The influence that chiefs have on culture and village-level behavior change may in part be tied to the communal model of land ownership,21 which in some parts of sub-Saharan Africa is actually seen as an obstacle to economic development.22,23 Traditional leadership throughout sub-Saharan Africa has come under scrutiny since colonial rule when colonial powers manipulated the traditional leadership structure to maintain control over colonies.24 Some scholars have suggested that traditional leadership is incompatible with democracy,25,26 whereas others argue that traditional leadership enhances a new hybridization of African-style democracy.27 Our experience has illustrated that the inclusion of chiefs in public health programs is a powerful approach to elicit change within communities. Public health interventions that seek to change behavior and even culture need to be aware of the agents of change in the community, and throughout sub-Saharan Africa traditional leaders hold great influence.

The improvements in access to sanitation we observed in Zambia following the empowerment of chiefs are similar to successes observed by other health programs that have worked with chiefs. For example, a separate study in Zambia found that including chiefs in the design of an umbilical cord care randomized trial led to 96% of births receiving a visit within 48 hours.28 Public health programs working together with chiefs, however, must recognize that these chiefs are not value neutral and often have strong opinions.29 For example, an human immunodeficiency virus/acquired immunodeficiency syndrome program in South Africa found chief’s views on attitudes toward women and youth as well as celebration of polygamy to undermine the project’s aim of “empowerment via participation.”30 Still, not including chiefs in the implementation of health interventions may lead to barriers and delays as witnessed in the efforts to regularize male circumcision in Uganda.31

These analyses were limited by the data collected during CLTS monitoring,10 which unfortunately do not include any measures of socioeconomic status that might affect latrine uptake. The data came from a government information system, systems which are known to have pitfalls including reporting rates and operational definitions.32 This system does not likely suffer from issues with operational definitions, as only seven separate data elements are reported and definitions are quite simple. Also reporting rates in this system are quite high; > 85% of the villages in the system report monthly suggesting that the data are quite robust. Social desirability bias may influence the falsification of latrine data, and pressure from traditional chiefs could potentially enhance that falsification. Therefore these results should be taken cautiously.

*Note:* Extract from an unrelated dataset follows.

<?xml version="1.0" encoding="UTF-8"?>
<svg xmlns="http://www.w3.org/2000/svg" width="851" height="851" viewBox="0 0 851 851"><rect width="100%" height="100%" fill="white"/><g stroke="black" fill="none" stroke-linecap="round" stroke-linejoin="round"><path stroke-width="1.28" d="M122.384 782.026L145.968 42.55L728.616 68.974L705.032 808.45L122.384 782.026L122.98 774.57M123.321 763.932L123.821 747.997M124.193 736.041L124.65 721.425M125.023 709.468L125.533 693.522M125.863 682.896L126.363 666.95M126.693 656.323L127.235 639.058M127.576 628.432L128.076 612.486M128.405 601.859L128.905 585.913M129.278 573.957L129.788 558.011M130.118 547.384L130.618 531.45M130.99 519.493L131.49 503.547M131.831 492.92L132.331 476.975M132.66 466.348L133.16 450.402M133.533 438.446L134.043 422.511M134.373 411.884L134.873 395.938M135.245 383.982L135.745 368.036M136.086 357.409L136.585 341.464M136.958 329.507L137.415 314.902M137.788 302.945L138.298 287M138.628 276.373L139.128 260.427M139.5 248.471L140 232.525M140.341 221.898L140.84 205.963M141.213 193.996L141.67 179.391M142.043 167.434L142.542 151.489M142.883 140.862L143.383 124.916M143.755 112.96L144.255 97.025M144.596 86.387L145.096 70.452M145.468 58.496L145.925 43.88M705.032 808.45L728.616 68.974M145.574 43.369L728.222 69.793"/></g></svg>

Actual use of latrines is not measured in the information system and so could not be included in the analysis. Access to sanitation does not necessarily mean utilization as various studies have shown.3335 With our measures of latrine access, the latrine is improved with the four parameters of a smooth and cleanable floor, a lid to cover the hole, a superstructure for privacy, and a handwashing station with either soap or ash. These types of components have been identified as key parameters to increase measured latrine use and other CLTS programs have been found to increase measured latrine use.36 Further evaluation is needed to measure the extent of latrine use in the context of the Zambian CLTS intervention.

Chiefdoms were not selected for orientation at random, and those that did receive orientation were more engaged in their villages and were not involved in leadership disputes. In the interrupted time series analysis, we included chiefdoms that were never oriented to serve as a counterfactual; however, this inclusion may have biased results because of inherent differences between chiefs receiving and not receiving orientations. We conducted a sensitivity analysis by excluding the chiefdoms never receiving orientations and found little difference in the magnitude or direction of effect.

Although the chiefdom orientations facilitated CLTS knowledge and clarified stakeholder roles, routine access to data on sanitation access within the chiefdom may also be powerful for chiefs. To address this gap and further engage chiefs, we have developed a Chiefdom Visualizer Application that allows chiefs to view sanitation progress by village and compare their progress against other chiefdoms throughout the country. The application is loaded onto a tablet, which allows chiefs to easily view charts, maps, and graphs, and syncs with the DHIS2 weekly to display updated data. This is a new initiative that builds on the power of knowledge by increasing data accessibility and creating competition in moving toward universal sanitation coverage, and its impact on universal sanitation coverage will be measured over time as the CLTS mobile-to-web reporting will be scaled up to the remaining 68 rural districts across Zambia by 2017.

The Ministry of Chiefs and Traditional Affairs have been taking CLTS one-step further by linking it to traditional ceremonies, encouraging clean village competitions, and identifying chief’s spouses as handwashing ambassadors. In addition to empowering chiefs through chiefdom orientations and increasing their access to data, these social mechanisms can create greater community awareness of CLTS.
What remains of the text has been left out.